Energy-sector equities rallied Thursday as traders responded to a sharp rise in oil prices after President Donald Trump said the U.S. would escalate military strikes on Iran. The comments increased concerns that the ongoing conflict could cause prolonged interruptions to global oil flows.
In premarket action by 07:25 ET, shares of Chevron rose about 3% and Exxon Mobil advanced roughly 3.4%. ConocoPhillips also posted gains of approximately 3.1%. The energy-focused XLE exchange-traded fund (NYSE:XLE) climbed 2.9% as the sector broadly outperformed.
Crude benchmarks jumped significantly on the news. Brent futures were up nearly 8% to $109.12 per barrel, while U.S. West Texas Intermediate futures increased about 8.7% to $108.84 per barrel. Both benchmarks had initially opened modestly lower earlier in the session after pulling back in the previous trading day.
In a televised address, President Trump said the U.S. military would step up its campaign against Iran over the coming weeks, framing the planned actions around preventing Tehran from obtaining a nuclear weapon. "We’re going to hit them extremely hard over the next two to three weeks.
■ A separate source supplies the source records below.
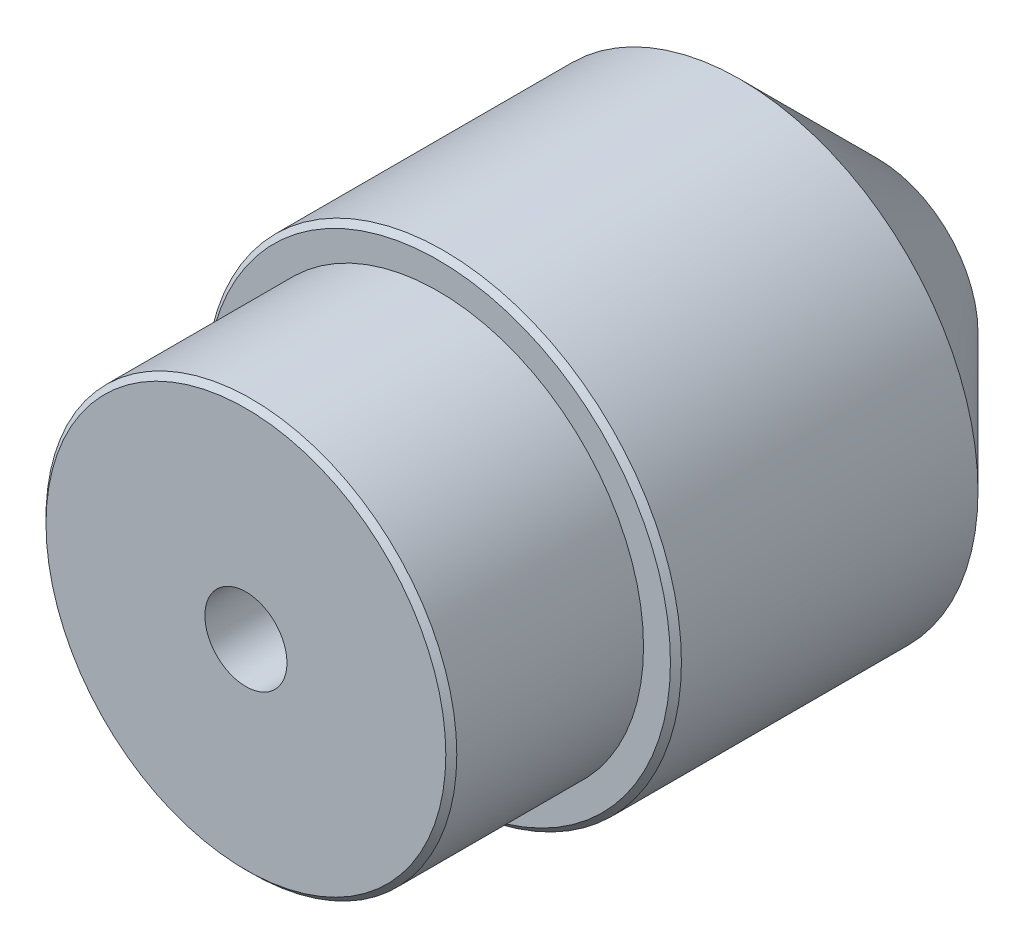
ISO-10303-21;
HEADER;
FILE_DESCRIPTION(('STEP AP214'),'2;1');
FILE_NAME('part.step','',(''),(''),'','','');
FILE_SCHEMA(('AUTOMOTIVE_DESIGN { 1 0 10303 214 1 1 1 1 }'));
ENDSEC;
DATA;
#1=APPLICATION_CONTEXT('core data for automotive mechanical design processes');
#2=APPLICATION_PROTOCOL_DEFINITION('international standard','automotive_design',2000,#1);
#3=PRODUCT_CONTEXT('',#1,'mechanical');
#4=PRODUCT('Part','Part','',(#3));
#5=PRODUCT_RELATED_PRODUCT_CATEGORY('part','',(#4));
#6=PRODUCT_DEFINITION_FORMATION('','',#4);
#7=PRODUCT_DEFINITION_CONTEXT('part definition',#1,'design');
#8=PRODUCT_DEFINITION('design','',#6,#7);
#9=PRODUCT_DEFINITION_SHAPE('','',#8);
#10=(LENGTH_UNIT() NAMED_UNIT(*) SI_UNIT(.MILLI.,.METRE.));
#11=(NAMED_UNIT(*) PLANE_ANGLE_UNIT() SI_UNIT($,.RADIAN.));
#12=(NAMED_UNIT(*) SI_UNIT($,.STERADIAN.) SOLID_ANGLE_UNIT());
#13=UNCERTAINTY_MEASURE_WITH_UNIT(LENGTH_MEASURE(1.E-05),#10,'distance_accuracy_value','');
#14=(GEOMETRIC_REPRESENTATION_CONTEXT(3) GLOBAL_UNCERTAINTY_ASSIGNED_CONTEXT((#13)) GLOBAL_UNIT_ASSIGNED_CONTEXT((#10,
#11,#12)) REPRESENTATION_CONTEXT('',''));
#15=CARTESIAN_POINT('',(0.,0.,0.));
#16=DIRECTION('',(0.,0.,1.));
#17=DIRECTION('',(1.,0.,0.));
#18=AXIS2_PLACEMENT_3D('',#15,#16,#17);
#19=CARTESIAN_POINT('',(0.,0.,20.32));
#20=DIRECTION('',(0.,0.,1.));
#21=DIRECTION('',(1.,0.,0.));
#22=AXIS2_PLACEMENT_3D('',#19,#20,#21);
#23=PLANE('',#22);
#24=CARTESIAN_POINT('',(0.,0.,20.32));
#25=DIRECTION('',(0.,0.,1.));
#26=DIRECTION('',(1.,0.,0.));
#27=AXIS2_PLACEMENT_3D('',#24,#25,#26);
#28=CIRCLE('',#27,10.7442);
#29=CARTESIAN_POINT('',(10.7442,0.,20.32));
#30=VERTEX_POINT('',#29);
#31=EDGE_CURVE('E46',#30,#30,#28,.T.);
#32=ORIENTED_EDGE('',*,*,#31,.T.);
#33=EDGE_LOOP('',(#32));
#34=FACE_BOUND('',#33,.T.);
#35=CARTESIAN_POINT('',(0.,0.,20.32));
#36=DIRECTION('',(0.,0.,1.));
#37=DIRECTION('',(1.,0.,0.));
#38=AXIS2_PLACEMENT_3D('',#35,#36,#37);
#39=CIRCLE('',#38,9.4996);
#40=CARTESIAN_POINT('',(9.4996,0.,20.32));
#41=VERTEX_POINT('',#40);
#42=EDGE_CURVE('E57',#41,#41,#39,.T.);
#43=ORIENTED_EDGE('',*,*,#42,.F.);
#44=EDGE_LOOP('',(#43));
#45=FACE_BOUND('',#44,.T.);
#46=ADVANCED_FACE('F31',(#34,#45),#23,.T.);
#47=CARTESIAN_POINT('',(0.,0.,20.32));
#48=DIRECTION('',(0.,0.,-1.));
#49=DIRECTION('',(-1.,0.,0.));
#50=AXIS2_PLACEMENT_3D('',#47,#48,#49);
#51=CYLINDRICAL_SURFACE('',#50,10.9982);
#52=CARTESIAN_POINT('',(0.,0.,20.066));
#53=DIRECTION('',(0.,0.,1.));
#54=DIRECTION('',(1.,0.,0.));
#55=AXIS2_PLACEMENT_3D('',#52,#53,#54);
#56=CIRCLE('',#55,10.9982);
#57=CARTESIAN_POINT('',(10.9982,0.,20.066));
#58=VERTEX_POINT('',#57);
#59=EDGE_CURVE('E42',#58,#58,#56,.F.);
#60=ORIENTED_EDGE('',*,*,#59,.T.);
#61=EDGE_LOOP('',(#60));
#62=FACE_BOUND('',#61,.T.);
#63=CARTESIAN_POINT('',(0.,0.,6.35000000000001));
#64=DIRECTION('',(0.,0.,1.));
#65=DIRECTION('',(1.,0.,0.));
#66=AXIS2_PLACEMENT_3D('',#63,#64,#65);
#67=CIRCLE('',#66,10.9982);
#68=CARTESIAN_POINT('',(10.9982,0.,6.35000000000001));
#69=VERTEX_POINT('',#68);
#70=EDGE_CURVE('E54',#69,#69,#67,.T.);
#71=ORIENTED_EDGE('',*,*,#70,.T.);
#72=EDGE_LOOP('',(#71));
#73=FACE_BOUND('',#72,.T.);
#74=CARTESIAN_POINT('',(-10.9982,0.,7.62635));
#75=CARTESIAN_POINT('',(-10.9981981522027,0.105805169699775,7.62635419118731));
#76=CARTESIAN_POINT('',(-10.9966573299572,0.211666676377545,7.63522411230453));
#77=CARTESIAN_POINT('',(-10.9906590947304,0.420416744316915,7.67045246854653));
#78=CARTESIAN_POINT('',(-10.9861990603541,0.523302546664586,7.69682662242512));
#79=CARTESIAN_POINT('',(-10.9748622852022,0.723051150412462,7.76624017992813));
#80=CARTESIAN_POINT('',(-10.9679875786801,0.819918941127061,7.80926555873592));
#81=CARTESIAN_POINT('',(-10.9525759242116,1.0050491882992,7.91072263706737));
#82=CARTESIAN_POINT('',(-10.9440391509983,1.0933125478777,7.96915271732388));
#83=CARTESIAN_POINT('',(-10.9261509827298,1.25964245652852,8.10039581415953));
#84=CARTESIAN_POINT('',(-10.9167928453608,1.33760825695068,8.17333560829417));
#85=CARTESIAN_POINT('',(-10.8983678395601,1.48025924536532,8.33125479214989));
#86=CARTESIAN_POINT('',(-10.8893009902165,1.54494356451329,8.41623496891143));
#87=CARTESIAN_POINT('',(-10.8724198005586,1.6596034386086,8.59652025629677));
#88=CARTESIAN_POINT('',(-10.8646141679122,1.70947857462869,8.69189011914977));
#89=CARTESIAN_POINT('',(-10.8512331660203,1.79246196515001,8.88981163247926));
#90=CARTESIAN_POINT('',(-10.8456576348104,1.82557143732857,8.99236276076994));
#91=CARTESIAN_POINT('',(-10.8374354569708,1.87376456677414,9.20066492804943));
#92=CARTESIAN_POINT('',(-10.8347604863597,1.88902266098775,9.3063744695933));
#93=CARTESIAN_POINT('',(-10.8325567036275,1.90162092301735,9.51888454772653));
#94=CARTESIAN_POINT('',(-10.8330276526229,1.89896245131767,9.62568500086322));
#95=CARTESIAN_POINT('',(-10.8370366568575,1.87594495377548,9.8360949488731));
#96=CARTESIAN_POINT('',(-10.8405406429477,1.85578253684005,9.93972669549237));
#97=CARTESIAN_POINT('',(-10.8501675314227,1.79863833012198,10.1421140951366));
#98=CARTESIAN_POINT('',(-10.8562905295773,1.76165592527637,10.2408695697027));
#99=CARTESIAN_POINT('',(-10.8705020116869,1.67172415481341,10.431286037754));
#100=CARTESIAN_POINT('',(-10.8786004276022,1.61869376874274,10.5229079943307));
#101=CARTESIAN_POINT('',(-10.8958434562452,1.49822883443675,10.6960274072288));
#102=CARTESIAN_POINT('',(-10.9049881593818,1.43079304100222,10.7775239873519));
#103=CARTESIAN_POINT('',(-10.9234427448171,1.2823633962788,10.9292167556477));
#104=CARTESIAN_POINT('',(-10.9327532053692,1.20120099766036,10.999248056485));
#105=CARTESIAN_POINT('',(-10.9503778984883,1.02819041146371,11.1247235170541));
#106=CARTESIAN_POINT('',(-10.9586921237378,0.936342145406323,11.1801675696446));
#107=CARTESIAN_POINT('',(-10.9734006631464,0.744407370237959,11.2749122184387));
#108=CARTESIAN_POINT('',(-10.9797931591835,0.644313173087853,11.3141975399402));
#109=CARTESIAN_POINT('',(-10.9899235510794,0.438812227991438,11.3753527971164));
#110=CARTESIAN_POINT('',(-10.9936616854047,0.333405958190309,11.3972242972608));
#111=CARTESIAN_POINT('',(-10.9980299124006,0.121693421344151,11.4227058942165));
#112=CARTESIAN_POINT('',(-10.9986985071316,0.0154151509765399,11.4265422257411));
#113=CARTESIAN_POINT('',(-10.9969580240364,-0.196265152216859,11.4164487533041));
#114=CARTESIAN_POINT('',(-10.9945490735758,-0.301667221122969,11.4025196845722));
#115=CARTESIAN_POINT('',(-10.9869480445593,-0.50789918000874,11.3574789660847));
#116=CARTESIAN_POINT('',(-10.981774224469,-0.608754411344912,11.3264800009839));
#117=CARTESIAN_POINT('',(-10.9692212006634,-0.803836403059839,11.2483000604198));
#118=CARTESIAN_POINT('',(-10.9618418657218,-0.898062768614464,11.2011181220587));
#119=CARTESIAN_POINT('',(-10.9456006544914,-1.07819027625845,11.0913982115847));
#120=CARTESIAN_POINT('',(-10.9367254668053,-1.16400462837157,11.0287197651377));
#121=CARTESIAN_POINT('',(-10.9185154356284,-1.32397810118442,10.8899784113338));
#122=CARTESIAN_POINT('',(-10.9091805561973,-1.3981363086614,10.8139144562523));
#123=CARTESIAN_POINT('',(-10.8909778456659,-1.53353684175208,10.6495438905259));
#124=CARTESIAN_POINT('',(-10.8821163854313,-1.59462587659879,10.5611101879177));
#125=CARTESIAN_POINT('',(-10.8659852864205,-1.7010814285635,10.375103121543));
#126=CARTESIAN_POINT('',(-10.8587155945956,-1.74644846967563,10.2775300625174));
#127=CARTESIAN_POINT('',(-10.8466395475728,-1.81994621607004,10.076431771547));
#128=CARTESIAN_POINT('',(-10.8418225409144,-1.84815155676469,9.97293448628562));
#129=CARTESIAN_POINT('',(-10.835171176123,-1.88675893490306,9.76258058260205));
#130=CARTESIAN_POINT('',(-10.8333365378178,-1.89716264468804,9.65572428069706));
#131=CARTESIAN_POINT('',(-10.832870305882,-1.89982221280537,9.44321755037282));
#132=CARTESIAN_POINT('',(-10.8341961030065,-1.89231948552592,9.33757015976555));
#133=CARTESIAN_POINT('',(-10.8398076728573,-1.85990296358853,9.12906547522124));
#134=CARTESIAN_POINT('',(-10.8440934339185,-1.83498923754644,9.02620817029028));
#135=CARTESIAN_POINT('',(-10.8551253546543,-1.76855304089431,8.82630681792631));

We’re going to bring them back to the Stone Ages where they belong," he said. He added that "discussions were ongoing" but did not indicate that a ceasefire was imminent.
The remarks hardened an earlier, softer signal that had briefly calmed markets. On Wednesday, Trump told reporters the U.S. could withdraw from Iran within "two to three weeks" even without a formal agreement. Prior to his speech, he had posted on social media that Iran’s "new regime president" had requested a ceasefire, an assertion Tehran denied. Iran’s Foreign Ministry rejected the claim, and state media reported that Tehran had not sought a truce.
The U.S. president offered no specifics about measures that might lead to the reopening of the Strait of Hormuz - a vital shipping lane for global oil flows - leaving uncertainty among market participants about how soon disrupted crude shipments could resume.
Threats to maritime commerce have increased as the conflict has escalated. Qatar’s defence ministry said an oil tanker leased to QatarEnergy was struck by an Iranian cruise missile in Qatari waters on Wednesday, an incident that underscores the operational risks for vessels in the region.
Some traders and cargo operators said they had halted transactions for barrels priced off the Dubai Middle East benchmark, which is commonly used to value nearly a fifth of global crude supplies. Market participants cited an inability to access ports located within or near the Strait of Hormuz as the reason for pausing such trades.
Separately, a market research and stock selection tool referenced in the prior coverage evaluates Chevron under the ticker CVX using algorithmic scoring across numerous metrics. That tool asserts it assesses fundamentals, momentum, and valuation to surface investment ideas, though the current article does not provide additional validation or endorsement of those rankings.
This developing market reaction reflects heightened sensitivity across energy equities, commodity benchmarks, and shipping-related activity to geopolitical developments affecting the Persian Gulf region.